Stored dataset items:

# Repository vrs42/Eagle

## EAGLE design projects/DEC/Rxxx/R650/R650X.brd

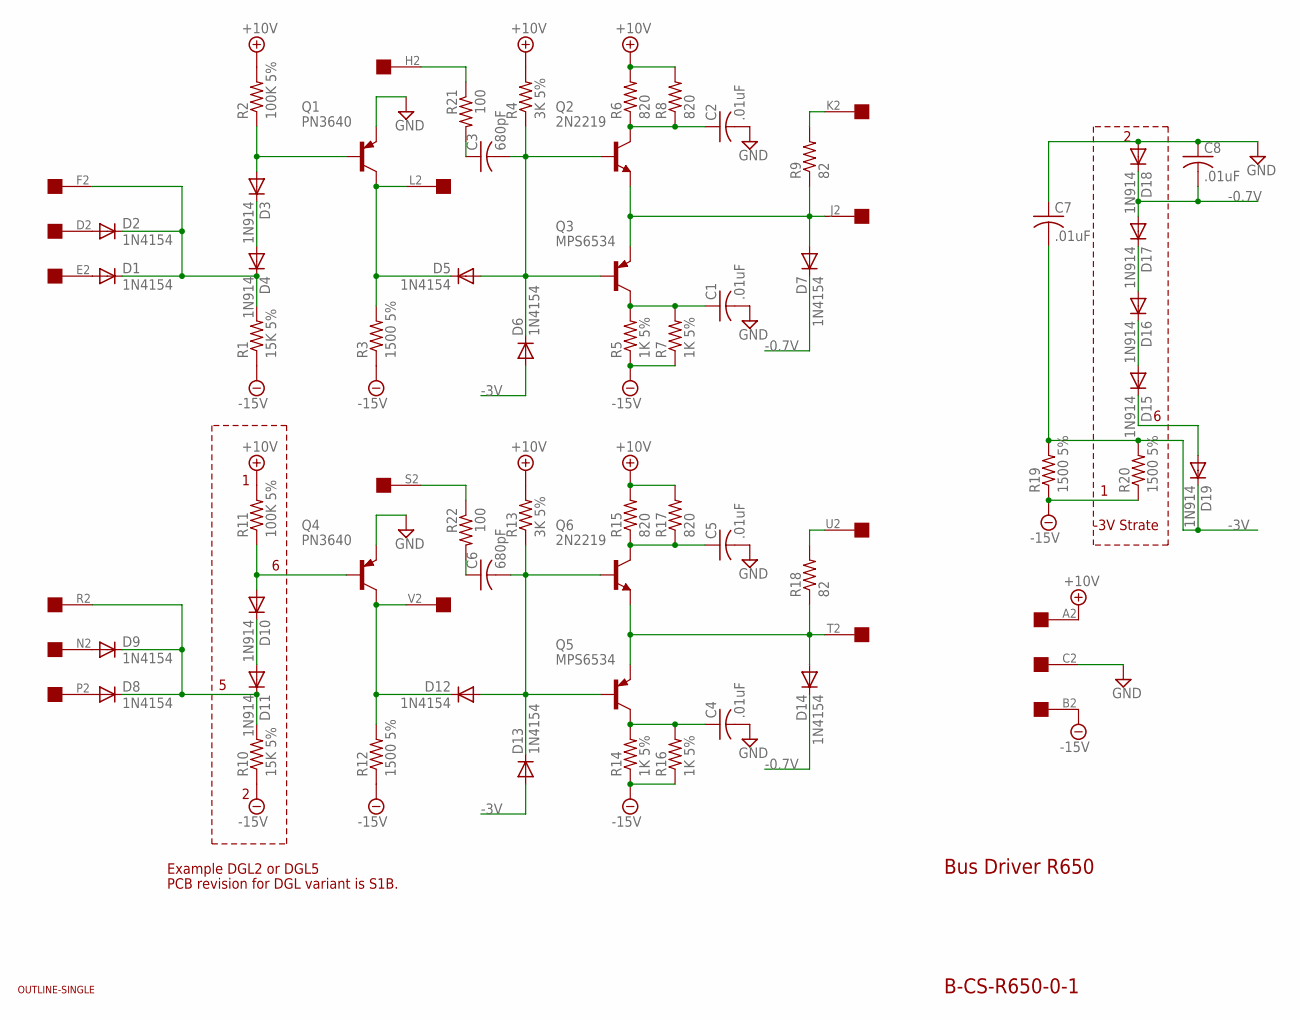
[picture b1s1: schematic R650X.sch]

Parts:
C1, C2, C4, C5, C7, C8: .01uF; C102-043X133
C3, C6: 680pF; C102-043X133
D1, D2, D5, D6, D7, D8, D9, D12, D13, D14: 1N4154; DO35-10
D3, D4, D10, D11, D15, D16, D17, D18, D19: 1N914; DO35-10
Q1, Q4: PN3640; TO39
Q2, Q6: 2N2219; TO5
Q3, Q5: MPS6534; TO39
R1, R10: 15K 5%; 0207/10
R2, R11: 100K 5%; 0207/10
R3, R12, R19, R20: 1500 5%; 0207/10
R4, R13: 3K 5%; 0207/10
R5, R7, R14, R16: 1K 5%; 0207/10
R6, R8, R15, R17: 820; 0207/10
R9, R18: 82; 0207/10
R21, R22: 100; 0207/10
U$1: OUTLINE-SINGLE; SINGLE
U$2: EDGE-1; EDGE-CON1

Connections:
+10V: R2.2, R4.2, R6.2, R8.2, R11.2, R13.2, R15.2, R17.2, U$2.A2
-0.7V: C8.2, D7.C, D14.C, D17.A, D18.C
-3V: C7.2, D6.A, D13.A, D19.C, R19.2, R20.2
-15V: R1.1, R3.1, R5.1, R7.1, R10.1, R12.1, R14.1, R16.1, R19.1, R20.1, U$2.B2
GND: C1.2, C2.2, C4.2, C5.2, C7.1, C8.1, D18.A, Q1.1 (E), Q4.1 (E), U$2.C2
unnamed: C3.2, D5.A, D6.C, Q2.2 (B), Q3.2 (B), R4.1
unnamed: D7.A, Q2.1 (E), Q3.1 (E), R9.1, U$2.J2
unnamed: R9.2, U$2.K2
unnamed: D5.C, Q1.3 (C), R3.2, U$2.L2
unnamed: C2.1, Q2.3 (C), R6.1, R8.1
unnamed: C1.1, Q3.3 (C), R5.2, R7.2
unnamed: D10.A, Q4.2 (B), R11.1
unnamed: D12.C, Q4.3 (C), R12.2, U$2.V2
unnamed: D8.C, D9.C, D11.C, R10.2, U$2.R2
unnamed: D10.C, D11.A
unnamed: D16.A, D17.C
unnamed: R21.1, U$2.H2
unnamed: C3.1, R21.2
unnamed: D15.A, D16.C
unnamed: C6.2, D12.A, D13.C, Q5.2 (B), Q6.2 (B), R13.1
unnamed: D14.A, Q5.1 (E), Q6.1 (E), R18.1, U$2.T2
unnamed: D3.A, Q1.2 (B), R2.1
unnamed: D1.A, U$2.E2
unnamed: D1.C, D2.C, D4.C, R1.2, U$2.F2
unnamed: D3.C, D4.A
unnamed: C5.1, Q6.3 (C), R15.1, R17.1
unnamed: C4.1, Q5.3 (C), R14.2, R16.2
unnamed: R18.2, U$2.U2
unnamed: R22.1, U$2.S2
unnamed: C6.1, R22.2
unnamed: D9.A, U$2.N2
unnamed: D8.A, U$2.P2
unnamed: D15.C, D19.A
unnamed: D2.A, U$2.D2

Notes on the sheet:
Bus Driver R650
B-CS-R650-0-1
-3V Strate
Example DGL2 or DGL5
PCB revision for DGL variant is S1B.

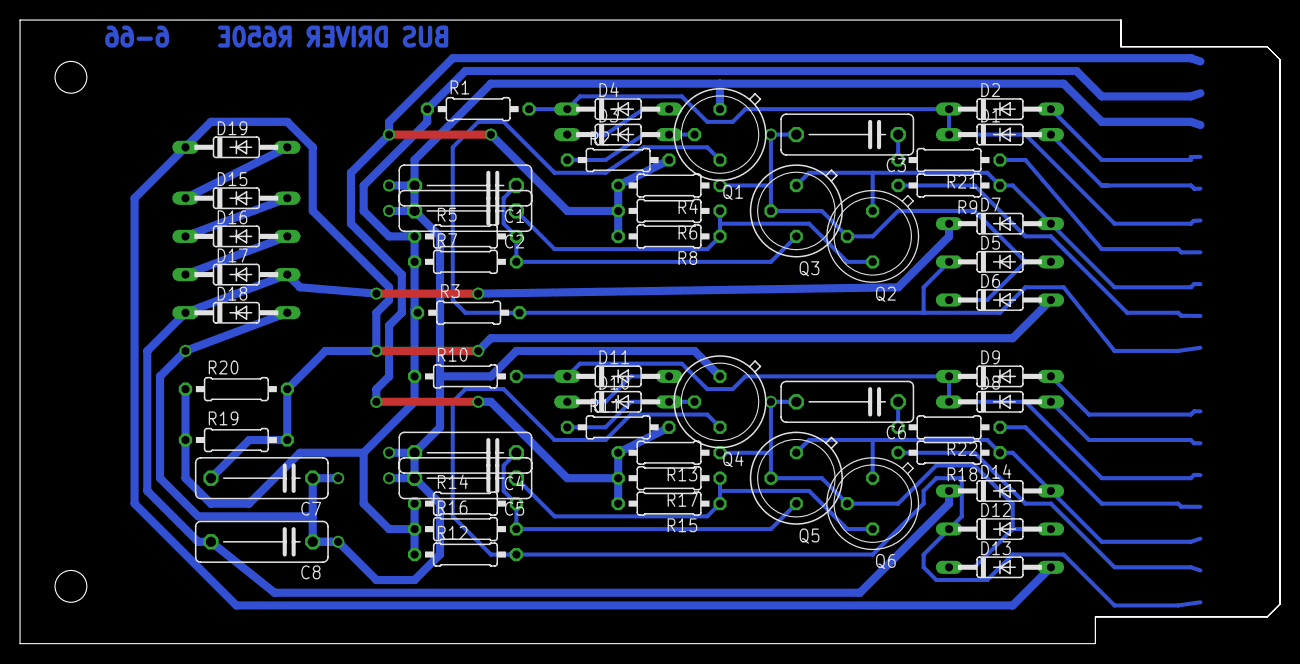
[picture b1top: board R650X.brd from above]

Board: 2 copper layers, 125.7 x 62.2 mm, 57 parts (0 on the bottom side), 34 nets.

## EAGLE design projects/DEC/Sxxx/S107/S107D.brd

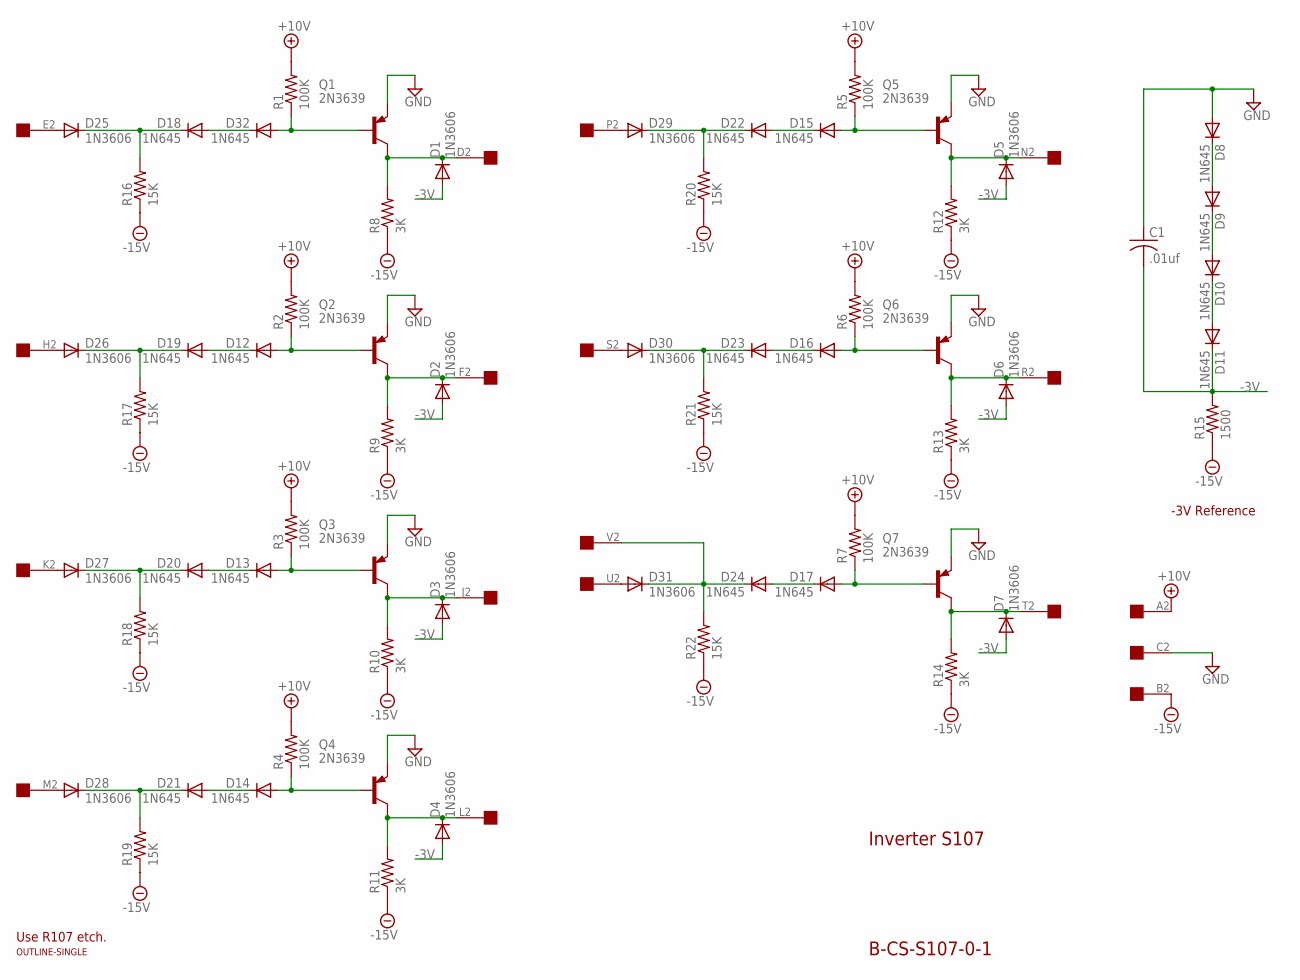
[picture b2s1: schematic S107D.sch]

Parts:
C1: .01uf; C050-025X075
D1, D2, D3, D4, D5, D6, D7, D25, D26, D27, D28, D29, D30, D31: 1N3606; DO35-10
D8, D9, D10, D11, D12, D13, D14, D15, D16, D17, D18, D19, D20, D21, D22, D23, D24, D32: 1N645; DO35-10
Q1, Q2, Q3, Q4, Q5, Q6, Q7: 2N3639; TO39
R1, R2, R3, R4, R5, R6, R7: 100K; 0207/10
R8, R9, R10, R11, R12, R13, R14: 3K; 0207/10
R15: 1500; 0207/10
R16, R17, R18, R19, R20, R21, R22: 15K; 0207/10
U$1: OUTLINE-SINGLE; SINGLE
U$2: EDGE-1; EDGE-CON1

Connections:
+10V: R1.2, R2.2, R3.2, R4.2, R5.2, R6.2, R7.2, U$2.A2
-3V: C1.2, D1.A, D2.A, D3.A, D4.A, D5.A, D6.A, D7.A, D11.C, R15.2
-15V: R8.1, R9.1, R10.1, R11.1, R12.1, R13.1, R14.1, R15.1, R16.1, R17.1, R18.1, R19.1, R20.1, R21.1, R22.1, U$2.B2
GND: C1.1, D8.A, Q1.1 (E), Q2.1 (E), Q3.1 (E), Q4.1 (E), Q5.1 (E), Q6.1 (E), Q7.1 (E), U$2.C2
unnamed: D7.C, Q7.3 (C), R14.2, U$2.T2
unnamed: D12.A, Q2.2 (B), R2.1
unnamed: D8.C, D9.A
unnamed: D2.C, Q2.3 (C), R9.2, U$2.F2
unnamed: D26.A, U$2.H2
unnamed: D19.C, D26.C, R17.2
unnamed: D12.C, D19.A
unnamed: D13.A, Q3.2 (B), R3.1
unnamed: D3.C, Q3.3 (C), R10.2, U$2.J2
unnamed: D27.A, U$2.K2
unnamed: D20.C, D27.C, R18.2
unnamed: D13.C, D20.A
unnamed: D9.C, D10.A
unnamed: D31.A, U$2.U2
unnamed: D17.A, Q7.2 (B), R7.1
unnamed: D10.C, D11.A
unnamed: D24.C, D31.C, R22.2, U$2.V2
unnamed: D17.C, D24.A
unnamed: D32.A, Q1.2 (B), R1.1
unnamed: D1.C, Q1.3 (C), R8.2, U$2.D2
unnamed: D25.A, U$2.E2
unnamed: D18.C, D25.C, R16.2
unnamed: D18.A, D32.C
unnamed: D14.A, Q4.2 (B), R4.1
unnamed: D4.C, Q4.3 (C), R11.2, U$2.L2
unnamed: D28.A, U$2.M2
unnamed: D21.C, D28.C, R19.2
unnamed: D14.C, D21.A
unnamed: D15.A, Q5.2 (B), R5.1
unnamed: D5.C, Q5.3 (C), R12.2, U$2.N2
unnamed: D29.A, U$2.P2
unnamed: D22.C, D29.C, R20.2
unnamed: D15.C, D22.A
unnamed: D16.A, Q6.2 (B), R6.1
unnamed: D6.C, Q6.3 (C), R13.2, U$2.R2
unnamed: D30.A, U$2.S2
unnamed: D23.C, D30.C, R21.2
unnamed: D16.C, D23.A

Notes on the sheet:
Inverter S107
B-CS-S107-0-1
-3V Reference
Use R107 etch.

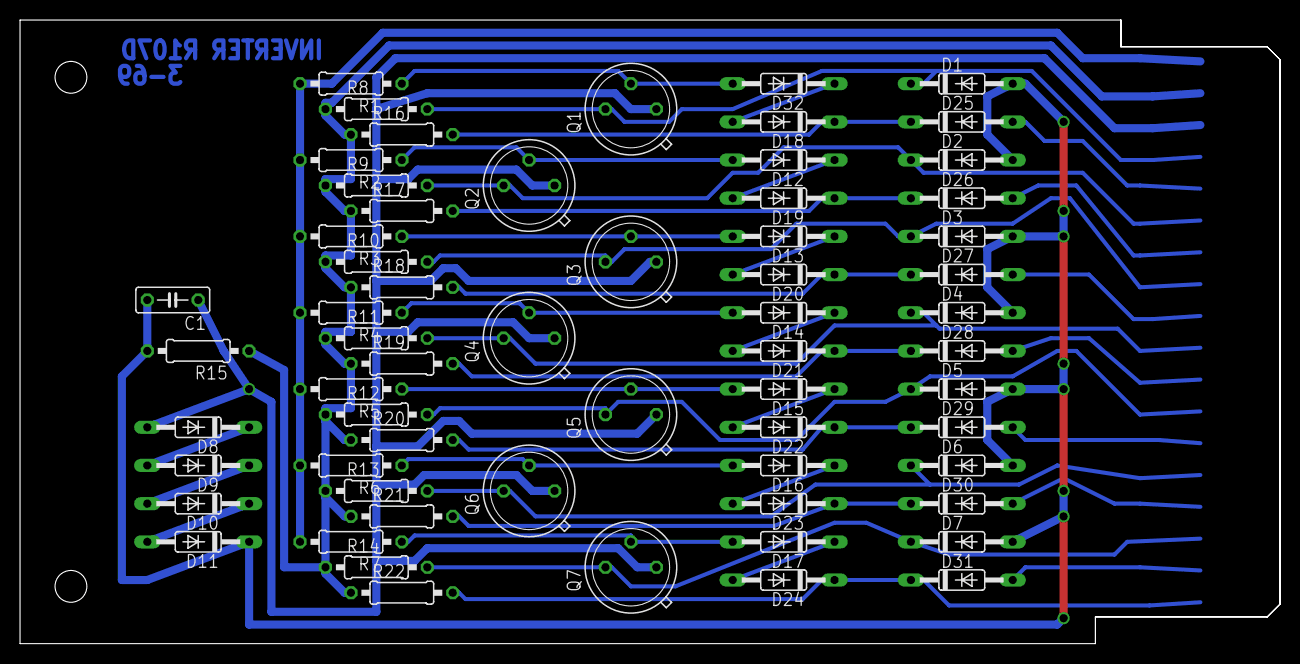
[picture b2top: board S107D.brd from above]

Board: 2 copper layers, 125.7 x 62.2 mm, 64 parts (0 on the bottom side), 42 nets.

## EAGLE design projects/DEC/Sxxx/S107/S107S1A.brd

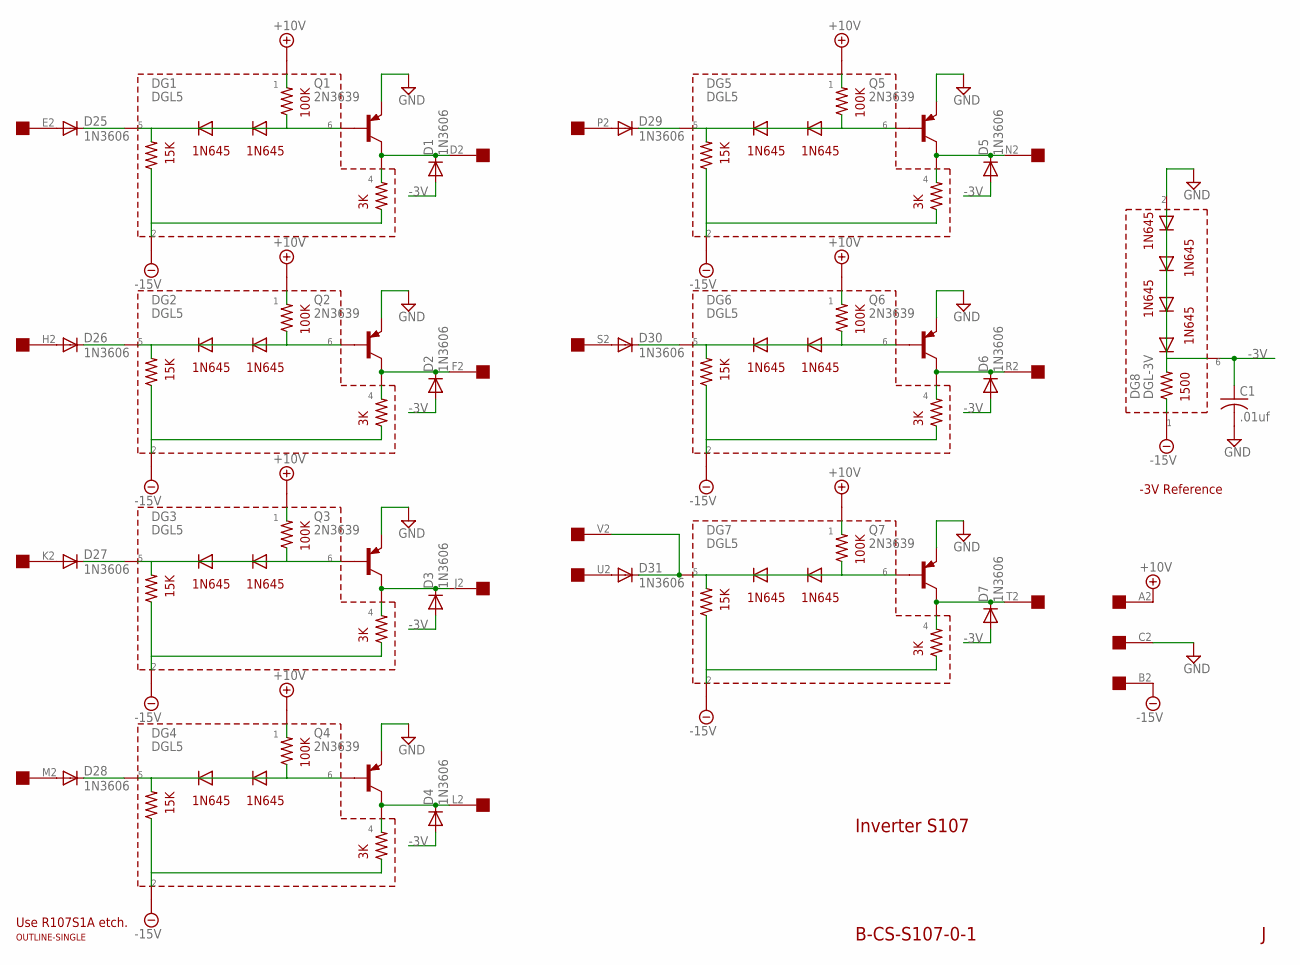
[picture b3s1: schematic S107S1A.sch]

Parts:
C1: .01uf; C050-025X075
D1, D2, D3, D4, D5, D6, D7, D25, D26, D27, D28, D29, D30, D31: 1N3606; DO35-10
DG1, DG2, DG3, DG4, DG5, DG6, DG7: DGL5; DGL2
DG8: DGL-3V; DGL2
Q1, Q2, Q3, Q4, Q5, Q6, Q7: 2N3639; TO39
U$1: OUTLINE-SINGLE; SINGLE
U$2: EDGE-1; EDGE-CON1

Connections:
+10V: DG1.P$1 (1), DG2.P$1 (1), DG3.P$1 (1), DG4.P$1 (1), DG5.P$1 (1), DG6.P$1 (1), DG7.P$1 (1), U$2.A2
-3V: C1.1, D1.A, D2.A, D3.A, D4.A, D5.A, D6.A, D7.A, DG8.P$6 (6)
-15V: DG1.P$2 (2), DG2.P$2 (2), DG3.P$2 (2), DG4.P$2 (2), DG5.P$2 (2), DG6.P$2 (2), DG7.P$2 (2), DG8.P$1 (1), U$2.B2
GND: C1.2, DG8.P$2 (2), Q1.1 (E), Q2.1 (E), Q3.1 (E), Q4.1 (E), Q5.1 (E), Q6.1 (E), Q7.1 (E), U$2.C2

WHAT YOU NEED TO DO:
Look above for the line that contains "unnamed: D15.A, Q5.2 (B), R5.1". Starting there, transcribe every line exactly until you have copied the line that contains "-3V Reference".

ANSWER BOX:
unnamed: D15.A, Q5.2 (B), R5.1
unnamed: D5.C, Q5.3 (C), R12.2, U$2.N2
unnamed: D29.A, U$2.P2
unnamed: D22.C, D29.C, R20.2
unnamed: D15.C, D22.A
unnamed: D16.A, Q6.2 (B), R6.1
unnamed: D6.C, Q6.3 (C), R13.2, U$2.R2
unnamed: D30.A, U$2.S2
unnamed: D23.C, D30.C, R21.2
unnamed: D16.C, D23.A

Notes on the sheet:
Inverter S107
B-CS-S107-0-1
-3V Reference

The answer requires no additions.